[Records provided Boundary: Start]

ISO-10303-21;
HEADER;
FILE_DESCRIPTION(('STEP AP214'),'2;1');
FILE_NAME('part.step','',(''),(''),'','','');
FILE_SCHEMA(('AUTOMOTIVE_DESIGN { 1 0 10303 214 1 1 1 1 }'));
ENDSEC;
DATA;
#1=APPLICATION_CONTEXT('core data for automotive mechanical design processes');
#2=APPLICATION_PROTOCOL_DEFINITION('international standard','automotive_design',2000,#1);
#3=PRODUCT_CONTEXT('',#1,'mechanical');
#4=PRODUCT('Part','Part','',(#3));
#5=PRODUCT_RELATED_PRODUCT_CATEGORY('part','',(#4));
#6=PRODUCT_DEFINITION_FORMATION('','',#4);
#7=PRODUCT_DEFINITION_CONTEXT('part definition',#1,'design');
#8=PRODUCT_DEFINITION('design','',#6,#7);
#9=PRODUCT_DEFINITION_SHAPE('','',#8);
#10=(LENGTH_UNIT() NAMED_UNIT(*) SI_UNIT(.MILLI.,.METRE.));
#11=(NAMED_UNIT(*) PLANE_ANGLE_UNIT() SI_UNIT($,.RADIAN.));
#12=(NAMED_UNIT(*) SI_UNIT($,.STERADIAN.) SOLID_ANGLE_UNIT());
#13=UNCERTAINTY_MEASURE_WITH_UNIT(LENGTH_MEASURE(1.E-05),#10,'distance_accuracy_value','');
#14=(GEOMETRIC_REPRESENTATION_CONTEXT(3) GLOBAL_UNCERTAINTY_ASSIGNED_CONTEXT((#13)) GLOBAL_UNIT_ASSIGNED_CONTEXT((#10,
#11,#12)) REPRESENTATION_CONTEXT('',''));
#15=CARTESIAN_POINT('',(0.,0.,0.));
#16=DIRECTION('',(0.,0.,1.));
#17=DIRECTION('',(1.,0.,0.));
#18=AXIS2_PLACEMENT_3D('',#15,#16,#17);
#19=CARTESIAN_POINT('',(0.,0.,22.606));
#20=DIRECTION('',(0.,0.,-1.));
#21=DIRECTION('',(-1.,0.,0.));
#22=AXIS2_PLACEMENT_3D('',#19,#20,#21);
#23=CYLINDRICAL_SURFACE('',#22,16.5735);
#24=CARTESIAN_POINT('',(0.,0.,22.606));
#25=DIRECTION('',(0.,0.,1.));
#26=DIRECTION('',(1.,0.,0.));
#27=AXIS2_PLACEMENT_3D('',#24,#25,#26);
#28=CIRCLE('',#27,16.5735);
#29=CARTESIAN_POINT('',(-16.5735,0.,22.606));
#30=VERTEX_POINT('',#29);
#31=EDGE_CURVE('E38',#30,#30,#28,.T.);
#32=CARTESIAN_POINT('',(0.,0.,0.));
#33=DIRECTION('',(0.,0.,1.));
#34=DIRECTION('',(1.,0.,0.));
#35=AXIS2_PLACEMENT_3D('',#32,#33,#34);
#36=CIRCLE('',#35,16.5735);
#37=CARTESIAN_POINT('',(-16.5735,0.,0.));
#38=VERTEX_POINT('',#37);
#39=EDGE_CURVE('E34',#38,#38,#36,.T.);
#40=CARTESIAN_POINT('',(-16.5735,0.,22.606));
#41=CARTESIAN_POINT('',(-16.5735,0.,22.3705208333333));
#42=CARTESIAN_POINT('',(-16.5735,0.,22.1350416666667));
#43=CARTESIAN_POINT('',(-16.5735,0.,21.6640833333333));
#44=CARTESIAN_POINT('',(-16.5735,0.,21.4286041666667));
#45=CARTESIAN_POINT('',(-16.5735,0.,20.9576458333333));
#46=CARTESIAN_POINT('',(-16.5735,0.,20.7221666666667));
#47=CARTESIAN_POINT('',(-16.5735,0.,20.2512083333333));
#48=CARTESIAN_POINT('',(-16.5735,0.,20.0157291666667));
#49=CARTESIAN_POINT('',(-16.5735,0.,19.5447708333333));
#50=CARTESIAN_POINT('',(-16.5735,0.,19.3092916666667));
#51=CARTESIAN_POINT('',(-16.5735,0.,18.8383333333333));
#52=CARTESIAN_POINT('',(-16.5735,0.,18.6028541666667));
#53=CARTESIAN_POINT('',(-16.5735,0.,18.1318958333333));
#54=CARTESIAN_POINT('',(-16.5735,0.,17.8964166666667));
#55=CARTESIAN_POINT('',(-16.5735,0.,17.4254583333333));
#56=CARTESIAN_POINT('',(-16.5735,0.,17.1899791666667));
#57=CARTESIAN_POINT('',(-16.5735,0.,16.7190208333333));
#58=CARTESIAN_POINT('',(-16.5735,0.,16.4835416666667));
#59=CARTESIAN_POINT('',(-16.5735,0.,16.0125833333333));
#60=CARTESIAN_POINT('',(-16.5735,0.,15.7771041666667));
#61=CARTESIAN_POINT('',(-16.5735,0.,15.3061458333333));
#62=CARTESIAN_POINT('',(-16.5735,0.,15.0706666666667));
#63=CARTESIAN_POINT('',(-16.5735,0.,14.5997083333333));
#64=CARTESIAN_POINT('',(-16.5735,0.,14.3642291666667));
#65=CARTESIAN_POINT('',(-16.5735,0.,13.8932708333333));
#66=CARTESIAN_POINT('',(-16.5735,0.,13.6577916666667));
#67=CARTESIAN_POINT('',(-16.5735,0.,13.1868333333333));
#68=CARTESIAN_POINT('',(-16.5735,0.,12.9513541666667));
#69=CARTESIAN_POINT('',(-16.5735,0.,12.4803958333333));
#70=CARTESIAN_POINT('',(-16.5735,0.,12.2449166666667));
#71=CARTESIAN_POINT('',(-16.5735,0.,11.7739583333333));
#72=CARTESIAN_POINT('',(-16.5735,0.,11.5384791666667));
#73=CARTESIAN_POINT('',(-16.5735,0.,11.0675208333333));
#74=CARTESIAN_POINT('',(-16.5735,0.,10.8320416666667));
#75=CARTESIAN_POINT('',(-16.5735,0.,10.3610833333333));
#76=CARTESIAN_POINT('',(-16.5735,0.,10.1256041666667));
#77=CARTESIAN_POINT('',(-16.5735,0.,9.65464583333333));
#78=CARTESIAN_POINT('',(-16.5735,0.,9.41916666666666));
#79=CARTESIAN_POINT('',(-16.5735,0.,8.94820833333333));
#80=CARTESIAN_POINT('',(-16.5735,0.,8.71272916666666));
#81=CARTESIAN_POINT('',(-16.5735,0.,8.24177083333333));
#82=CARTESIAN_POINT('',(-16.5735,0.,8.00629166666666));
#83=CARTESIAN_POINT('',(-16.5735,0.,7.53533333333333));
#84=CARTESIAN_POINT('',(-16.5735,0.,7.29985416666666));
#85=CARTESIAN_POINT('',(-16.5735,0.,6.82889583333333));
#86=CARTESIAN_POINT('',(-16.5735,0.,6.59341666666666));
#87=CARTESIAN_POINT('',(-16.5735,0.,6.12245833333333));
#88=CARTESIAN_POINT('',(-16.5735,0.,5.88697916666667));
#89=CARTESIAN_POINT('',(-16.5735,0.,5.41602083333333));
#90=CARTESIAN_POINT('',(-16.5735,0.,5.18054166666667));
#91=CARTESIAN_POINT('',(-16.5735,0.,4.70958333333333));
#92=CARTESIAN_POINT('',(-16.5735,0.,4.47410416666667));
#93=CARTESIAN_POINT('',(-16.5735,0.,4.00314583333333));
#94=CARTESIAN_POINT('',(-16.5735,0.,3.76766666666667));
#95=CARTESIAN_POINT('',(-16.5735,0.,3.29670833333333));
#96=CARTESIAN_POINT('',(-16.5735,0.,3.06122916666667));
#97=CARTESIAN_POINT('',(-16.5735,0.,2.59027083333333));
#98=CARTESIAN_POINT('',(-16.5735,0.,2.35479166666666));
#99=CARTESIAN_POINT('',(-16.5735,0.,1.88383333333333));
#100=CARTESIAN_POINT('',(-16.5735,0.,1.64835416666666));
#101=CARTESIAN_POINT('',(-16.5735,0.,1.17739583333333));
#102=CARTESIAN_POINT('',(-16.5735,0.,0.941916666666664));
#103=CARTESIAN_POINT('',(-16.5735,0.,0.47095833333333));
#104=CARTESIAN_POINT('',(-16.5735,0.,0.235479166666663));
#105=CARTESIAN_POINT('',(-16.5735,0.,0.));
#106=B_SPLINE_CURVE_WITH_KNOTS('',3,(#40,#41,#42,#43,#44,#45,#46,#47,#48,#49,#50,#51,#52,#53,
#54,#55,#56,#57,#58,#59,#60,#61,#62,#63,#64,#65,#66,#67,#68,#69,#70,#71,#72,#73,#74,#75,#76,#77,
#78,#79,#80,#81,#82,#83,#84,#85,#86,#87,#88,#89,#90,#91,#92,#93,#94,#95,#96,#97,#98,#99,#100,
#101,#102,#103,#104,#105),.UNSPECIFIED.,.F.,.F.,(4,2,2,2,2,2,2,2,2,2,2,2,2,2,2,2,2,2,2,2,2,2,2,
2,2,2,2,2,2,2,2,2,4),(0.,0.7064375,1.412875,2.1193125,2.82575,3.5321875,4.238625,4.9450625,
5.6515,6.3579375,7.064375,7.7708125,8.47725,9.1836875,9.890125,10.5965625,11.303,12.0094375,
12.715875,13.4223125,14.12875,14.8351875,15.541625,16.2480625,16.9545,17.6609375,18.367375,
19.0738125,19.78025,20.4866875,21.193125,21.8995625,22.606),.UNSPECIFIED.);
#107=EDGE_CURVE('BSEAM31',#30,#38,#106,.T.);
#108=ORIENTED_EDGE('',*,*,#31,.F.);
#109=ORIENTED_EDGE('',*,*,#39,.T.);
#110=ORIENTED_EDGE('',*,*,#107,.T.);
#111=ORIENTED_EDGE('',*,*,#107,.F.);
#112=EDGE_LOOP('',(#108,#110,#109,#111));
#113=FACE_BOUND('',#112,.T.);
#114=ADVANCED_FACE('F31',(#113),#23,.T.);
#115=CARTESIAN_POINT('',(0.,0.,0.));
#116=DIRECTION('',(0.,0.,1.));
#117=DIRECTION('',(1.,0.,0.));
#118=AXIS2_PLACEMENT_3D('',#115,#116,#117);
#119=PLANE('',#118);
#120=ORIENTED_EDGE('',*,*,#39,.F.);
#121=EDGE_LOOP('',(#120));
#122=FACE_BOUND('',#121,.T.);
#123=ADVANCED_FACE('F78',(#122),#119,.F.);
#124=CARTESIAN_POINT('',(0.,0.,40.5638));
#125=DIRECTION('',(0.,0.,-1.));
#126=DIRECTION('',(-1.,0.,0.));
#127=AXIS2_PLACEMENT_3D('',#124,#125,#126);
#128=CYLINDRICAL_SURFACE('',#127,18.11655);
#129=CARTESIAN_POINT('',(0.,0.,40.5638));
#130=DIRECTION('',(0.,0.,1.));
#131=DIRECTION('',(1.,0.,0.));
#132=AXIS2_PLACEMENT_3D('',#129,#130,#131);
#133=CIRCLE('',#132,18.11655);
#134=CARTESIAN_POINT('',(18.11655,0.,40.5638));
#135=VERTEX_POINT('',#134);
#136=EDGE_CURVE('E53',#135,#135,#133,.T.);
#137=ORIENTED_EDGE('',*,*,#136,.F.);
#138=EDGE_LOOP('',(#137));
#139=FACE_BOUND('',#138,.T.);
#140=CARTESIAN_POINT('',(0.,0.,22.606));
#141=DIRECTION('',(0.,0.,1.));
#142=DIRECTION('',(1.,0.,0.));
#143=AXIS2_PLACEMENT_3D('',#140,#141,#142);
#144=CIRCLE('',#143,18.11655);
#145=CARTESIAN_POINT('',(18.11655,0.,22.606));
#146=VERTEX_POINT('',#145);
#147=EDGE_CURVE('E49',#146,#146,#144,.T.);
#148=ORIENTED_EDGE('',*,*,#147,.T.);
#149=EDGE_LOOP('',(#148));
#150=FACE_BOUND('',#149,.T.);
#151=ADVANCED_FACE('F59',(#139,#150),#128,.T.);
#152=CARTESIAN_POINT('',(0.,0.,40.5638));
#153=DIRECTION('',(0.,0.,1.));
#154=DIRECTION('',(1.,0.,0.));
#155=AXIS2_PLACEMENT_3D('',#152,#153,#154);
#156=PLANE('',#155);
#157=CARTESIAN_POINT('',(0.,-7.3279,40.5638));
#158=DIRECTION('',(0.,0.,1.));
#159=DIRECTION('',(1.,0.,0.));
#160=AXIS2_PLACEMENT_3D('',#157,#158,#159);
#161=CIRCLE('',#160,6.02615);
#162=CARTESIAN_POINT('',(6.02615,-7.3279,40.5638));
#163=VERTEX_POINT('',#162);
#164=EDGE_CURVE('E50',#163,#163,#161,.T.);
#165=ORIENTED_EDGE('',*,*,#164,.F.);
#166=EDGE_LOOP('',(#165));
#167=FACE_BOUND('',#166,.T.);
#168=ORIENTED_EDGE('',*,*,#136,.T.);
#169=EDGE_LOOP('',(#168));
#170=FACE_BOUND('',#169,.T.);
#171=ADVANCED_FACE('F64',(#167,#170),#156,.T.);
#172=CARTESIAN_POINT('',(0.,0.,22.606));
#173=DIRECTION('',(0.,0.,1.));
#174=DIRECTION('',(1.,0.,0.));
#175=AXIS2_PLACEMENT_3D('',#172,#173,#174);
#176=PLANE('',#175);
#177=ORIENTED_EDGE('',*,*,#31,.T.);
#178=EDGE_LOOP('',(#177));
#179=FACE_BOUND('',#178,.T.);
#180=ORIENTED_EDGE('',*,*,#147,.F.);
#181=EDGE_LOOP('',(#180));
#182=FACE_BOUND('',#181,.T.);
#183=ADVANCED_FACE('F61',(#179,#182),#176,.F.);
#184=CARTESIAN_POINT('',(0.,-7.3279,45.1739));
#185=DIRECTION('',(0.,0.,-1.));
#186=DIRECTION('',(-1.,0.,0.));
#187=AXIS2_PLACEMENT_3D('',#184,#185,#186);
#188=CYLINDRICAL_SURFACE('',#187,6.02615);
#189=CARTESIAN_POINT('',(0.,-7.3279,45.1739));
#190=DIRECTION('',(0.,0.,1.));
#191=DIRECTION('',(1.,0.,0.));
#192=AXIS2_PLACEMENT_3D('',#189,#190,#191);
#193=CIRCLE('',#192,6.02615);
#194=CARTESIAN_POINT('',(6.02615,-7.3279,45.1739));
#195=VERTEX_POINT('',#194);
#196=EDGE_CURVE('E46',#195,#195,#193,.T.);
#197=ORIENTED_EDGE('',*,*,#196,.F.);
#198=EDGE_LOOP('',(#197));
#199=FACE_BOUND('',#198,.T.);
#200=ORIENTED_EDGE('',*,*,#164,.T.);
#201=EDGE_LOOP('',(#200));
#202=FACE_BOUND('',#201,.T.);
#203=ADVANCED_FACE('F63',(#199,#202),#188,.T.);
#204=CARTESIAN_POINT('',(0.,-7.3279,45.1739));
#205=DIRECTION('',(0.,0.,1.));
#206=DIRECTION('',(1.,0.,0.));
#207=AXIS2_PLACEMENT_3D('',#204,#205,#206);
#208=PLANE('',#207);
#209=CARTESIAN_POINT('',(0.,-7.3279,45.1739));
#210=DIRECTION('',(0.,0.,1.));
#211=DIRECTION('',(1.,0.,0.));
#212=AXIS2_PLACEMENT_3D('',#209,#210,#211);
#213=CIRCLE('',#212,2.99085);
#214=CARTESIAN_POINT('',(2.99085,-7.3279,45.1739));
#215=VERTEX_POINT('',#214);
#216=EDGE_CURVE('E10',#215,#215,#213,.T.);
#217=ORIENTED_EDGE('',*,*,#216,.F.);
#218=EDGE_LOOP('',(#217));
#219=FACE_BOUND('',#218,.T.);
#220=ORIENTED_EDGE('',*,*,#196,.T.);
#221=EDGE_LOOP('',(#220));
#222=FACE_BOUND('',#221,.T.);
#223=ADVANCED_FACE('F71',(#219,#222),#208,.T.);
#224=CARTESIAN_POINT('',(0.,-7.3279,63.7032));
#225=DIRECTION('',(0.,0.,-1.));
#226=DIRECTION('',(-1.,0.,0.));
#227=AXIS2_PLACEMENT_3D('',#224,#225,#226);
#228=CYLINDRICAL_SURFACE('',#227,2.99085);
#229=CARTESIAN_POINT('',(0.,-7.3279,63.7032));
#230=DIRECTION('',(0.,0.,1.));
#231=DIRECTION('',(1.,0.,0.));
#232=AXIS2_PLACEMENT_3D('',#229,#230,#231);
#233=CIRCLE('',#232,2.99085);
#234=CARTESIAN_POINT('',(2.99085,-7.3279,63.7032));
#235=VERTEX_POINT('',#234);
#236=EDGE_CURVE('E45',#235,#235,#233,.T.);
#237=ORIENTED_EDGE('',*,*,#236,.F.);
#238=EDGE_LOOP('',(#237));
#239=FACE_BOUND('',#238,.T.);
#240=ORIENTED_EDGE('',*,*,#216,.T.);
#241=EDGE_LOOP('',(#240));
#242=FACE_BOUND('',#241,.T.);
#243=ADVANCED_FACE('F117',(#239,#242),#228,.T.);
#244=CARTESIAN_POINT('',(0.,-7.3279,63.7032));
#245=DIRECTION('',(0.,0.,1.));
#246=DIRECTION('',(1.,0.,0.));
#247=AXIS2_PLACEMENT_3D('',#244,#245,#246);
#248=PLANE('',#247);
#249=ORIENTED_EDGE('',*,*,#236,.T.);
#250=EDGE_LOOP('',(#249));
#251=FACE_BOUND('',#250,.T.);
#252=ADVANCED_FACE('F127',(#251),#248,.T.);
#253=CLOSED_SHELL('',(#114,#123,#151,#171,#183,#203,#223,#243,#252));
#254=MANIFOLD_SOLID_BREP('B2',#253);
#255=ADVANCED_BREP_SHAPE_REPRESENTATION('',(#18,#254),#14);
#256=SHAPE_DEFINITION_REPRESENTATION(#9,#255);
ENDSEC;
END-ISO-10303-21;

[Records provided Boundary: End]

The lines above starting at the one that contains "#36=CIRCLE('',#35,16.5735);" and ending at the one that contains "#63=CARTESIAN_POINT('',(-16.5735,0.,14.5997083333333));" must be transcribed exactly, and no other lines may appear.

#36=CIRCLE('',#35,16.5735);
#37=CARTESIAN_POINT('',(-16.5735,0.,0.));
#38=VERTEX_POINT('',#37);
#39=EDGE_CURVE('E34',#38,#38,#36,.T.);
#40=CARTESIAN_POINT('',(-16.5735,0.,22.606));
#41=CARTESIAN_POINT('',(-16.5735,0.,22.3705208333333));
#42=CARTESIAN_POINT('',(-16.5735,0.,22.1350416666667));
#43=CARTESIAN_POINT('',(-16.5735,0.,21.6640833333333));
#44=CARTESIAN_POINT('',(-16.5735,0.,21.4286041666667));
#45=CARTESIAN_POINT('',(-16.5735,0.,20.9576458333333));
#46=CARTESIAN_POINT('',(-16.5735,0.,20.7221666666667));
#47=CARTESIAN_POINT('',(-16.5735,0.,20.2512083333333));
#48=CARTESIAN_POINT('',(-16.5735,0.,20.0157291666667));
#49=CARTESIAN_POINT('',(-16.5735,0.,19.5447708333333));
#50=CARTESIAN_POINT('',(-16.5735,0.,19.3092916666667));
#51=CARTESIAN_POINT('',(-16.5735,0.,18.8383333333333));
#52=CARTESIAN_POINT('',(-16.5735,0.,18.6028541666667));
#53=CARTESIAN_POINT('',(-16.5735,0.,18.1318958333333));
#54=CARTESIAN_POINT('',(-16.5735,0.,17.8964166666667));
#55=CARTESIAN_POINT('',(-16.5735,0.,17.4254583333333));
#56=CARTESIAN_POINT('',(-16.5735,0.,17.1899791666667));
#57=CARTESIAN_POINT('',(-16.5735,0.,16.7190208333333));
#58=CARTESIAN_POINT('',(-16.5735,0.,16.4835416666667));
#59=CARTESIAN_POINT('',(-16.5735,0.,16.0125833333333));
#60=CARTESIAN_POINT('',(-16.5735,0.,15.7771041666667));
#61=CARTESIAN_POINT('',(-16.5735,0.,15.3061458333333));
#62=CARTESIAN_POINT('',(-16.5735,0.,15.0706666666667));
#63=CARTESIAN_POINT('',(-16.5735,0.,14.5997083333333));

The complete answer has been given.